# Finally i was able to find pork belly



## bratrules (Aug 20, 2010)

Man after looking around for what seem like ages i found a butcher that carries pork belly!! here is my result my first bacon!!


----------



## bratrules (Aug 20, 2010)

I made a brown sugar pepper cure. it came out really good needless to say ill be making more in the future.


----------



## rw willy (Aug 20, 2010)

Looks very nice.  what did you pay per pound?  If I may ask?  I'm having trouble getting it for less then $3


----------



## meateater (Aug 20, 2010)

Looks great! Lots of bacon in this place lately.


----------



## ak1 (Aug 20, 2010)

Here in my neck of the woods, It's around 2 bucks a pound any time I want it.


----------



## bratrules (Aug 20, 2010)

i paid 2.35 per pound which i thought is a good price since i tried other places they were selling it at 4.99 which i think its way to much!!


----------



## meateater (Aug 20, 2010)

1.99 I just paid.


----------



## bratrules (Aug 20, 2010)

I had some butcher tell me about a spot next to my house that sell it for 1.75 a pound. i haven't time to go check it out but if its true am in piggy heaven lol.


----------



## old poi dog (Aug 20, 2010)

Thats some good looking Bacon there friend..
	

	
	
		
		



		
		
	


	





Sheesh....out here its $3.99 lb.


----------



## scarbelly (Aug 20, 2010)

bratrules said:


> I had some butcher tell me about a spot next to my house that sell it for 1.75 a pound. i haven't time to go check it out but if its true am in piggy heaven lol.

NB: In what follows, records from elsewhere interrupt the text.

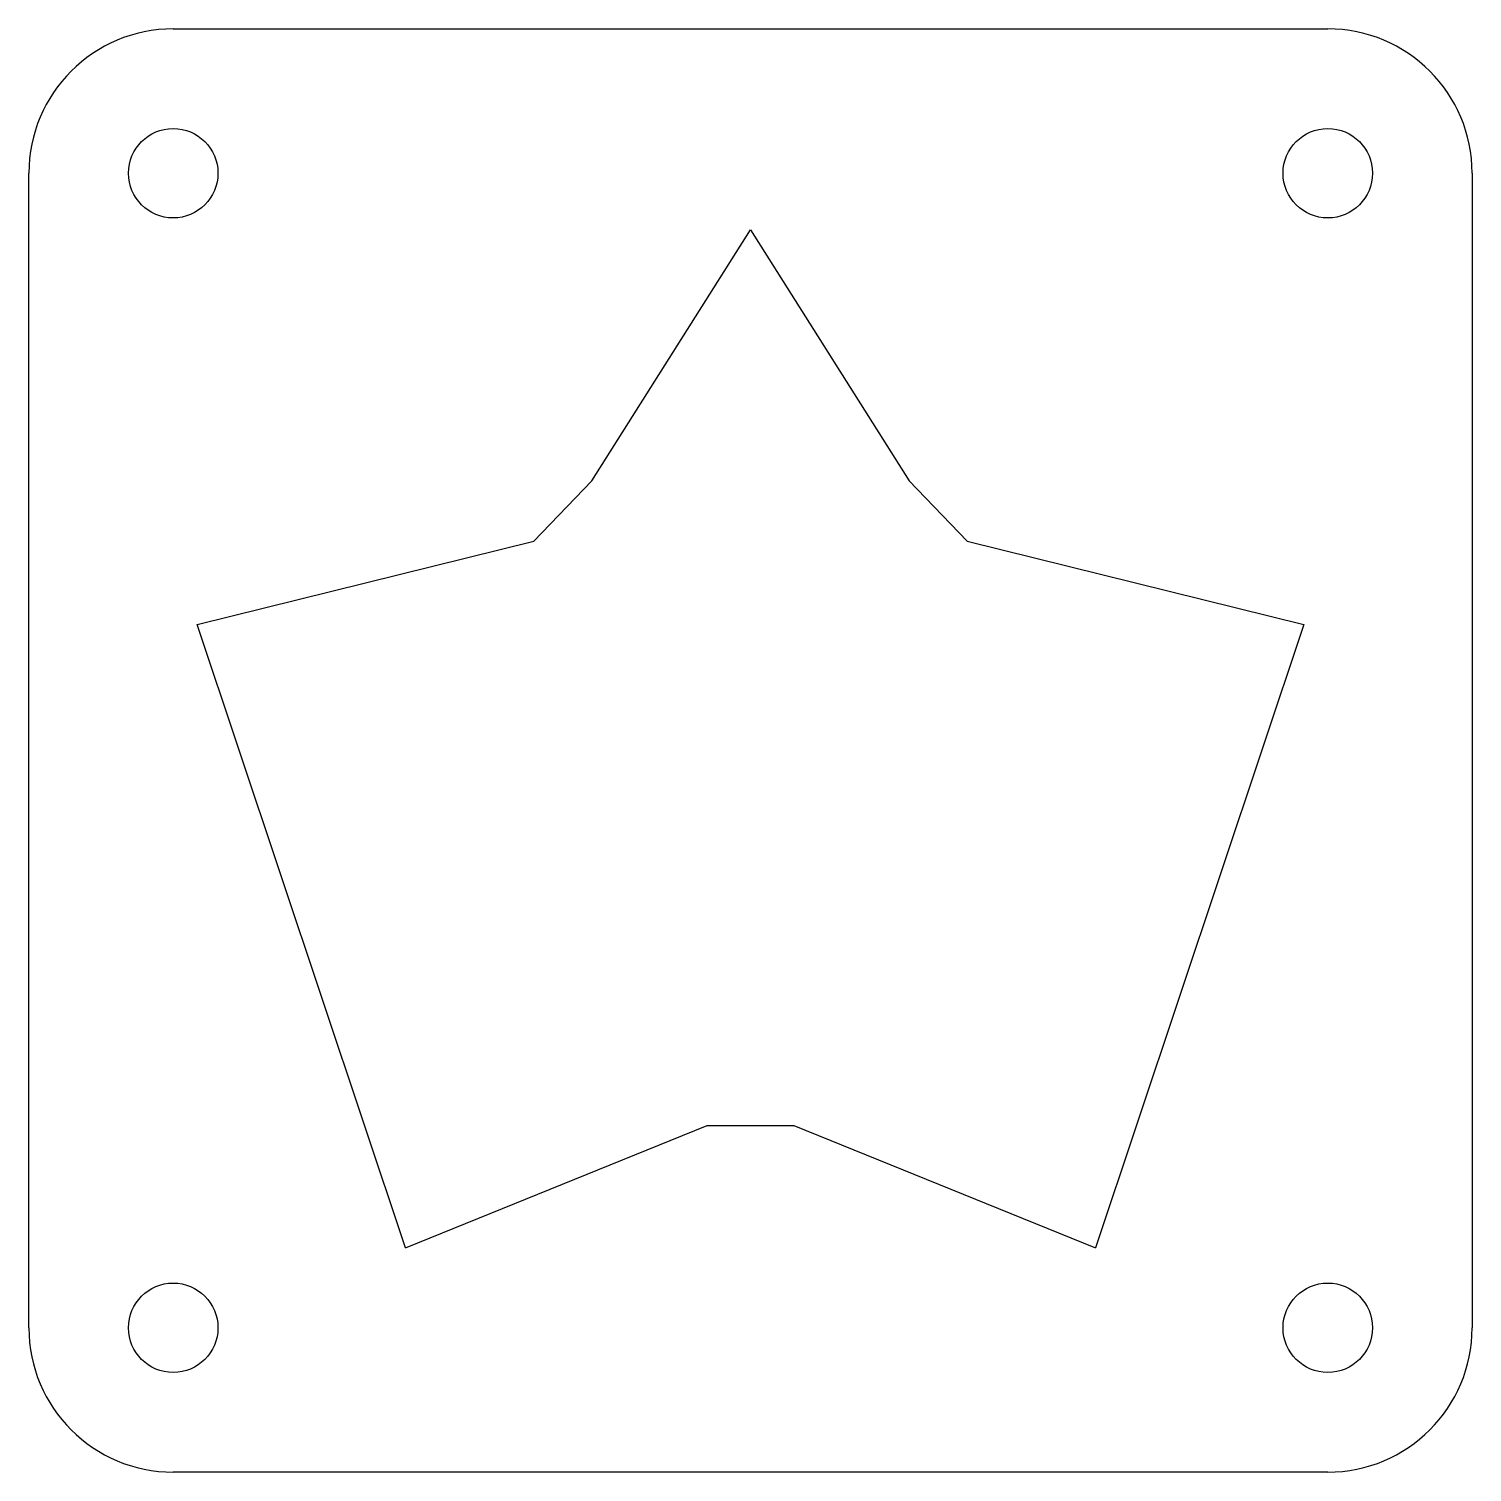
# Model space of a CAD drawing. Extents: x -25 to 25, y -25 to 25.
import ezdxf

# ---------------------------------------------------------------- set-up
doc = ezdxf.new("R2010")
doc.units = 0
doc.layers.add('Sketch001', color=7, linetype='CONTINUOUS')

msp = doc.modelspace()

# ---------------------------------------------------------------- linework, layer by layer
at = {"layer": 'Sketch001'}
for p, q in [((-20, 25), (20, 25)), ((-25, -20), (-25, 20)), ((25, 20), (25, -20)), ((-5.50053, 9.3461), (0, 18.0395)), ((0, 18.0395), (5.50053, 9.3461)), ((-7.50258, 7.25458), (-5.50053, 9.3461)), ((5.50053, 9.3461), (7.50258, 7.25458)), ((-19.1652, 4.36433), (-7.50258, 7.25458)), ((7.50258, 7.25458), (19.1652, 4.36433)), ((-11.9475, -17.2249), (-19.1652, 4.36433)), ((19.1652, 4.36433), (11.9475, -17.2249)), ((-11.9475, -17.2249), (-1.5, -12.9866)), ((-1.5, -12.9866), (1.5, -12.9866)), ((1.5, -12.9866), (11.9475, -17.2249)), ((20, -25), (-20, -25))]:
    msp.add_line(p, q, dxfattribs=at)
for centre in [(-20, 20), (20, 20), (-20, -20), (20, -20)]:
    msp.add_circle(centre, 1.55, dxfattribs=at)
for centre, start, end in [((-20, 20), 90, -180), ((20, 20), 0, 90), ((-20, -20), 180, -90), ((20, -20), -90, 0)]:
    msp.add_arc(centre, 5, start, end, dxfattribs=at)

doc.saveas('drawing.dxf')

What city do you live in and what is the name of the store with the cheap bellies - I have a heck of a time getting it in Fallbrook but I have an office in Cypress and one in San Diego that I work from and even better, a company car with the gas paid so I am mobile


----------



## bratrules (Aug 21, 2010)

I am in south gate c.a. its about 15 min from downtown l.a. but were i got the bellies was in Lancaster c.a. at some store called viva's its a big chain market over here. i was at my sister in laws house and i stopped by the market and bingo there it was. so i bought like 5 1/2 pounds it came out to 8 bucks!!


----------



## princess (Aug 23, 2010)

I pay $2.35/lb, skin off and already squared.  But I have to request it a week in advance. Typically I get 5lb slabs. Mmmmmm.


----------



## chainsaw (Aug 23, 2010)

Looks really great better than store bought!


----------



## scarbelly (Aug 23, 2010)

bratrules said:


> I am in south gate c.a. its about 15 min from downtown l.a. but were i got the bellies was in Lancaster c.a. at some store called viva's its a big chain market over here. i was at my sister in laws house and i stopped by the market and bingo there it was. so i bought like 5 1/2 pounds it came out to 8 bucks!!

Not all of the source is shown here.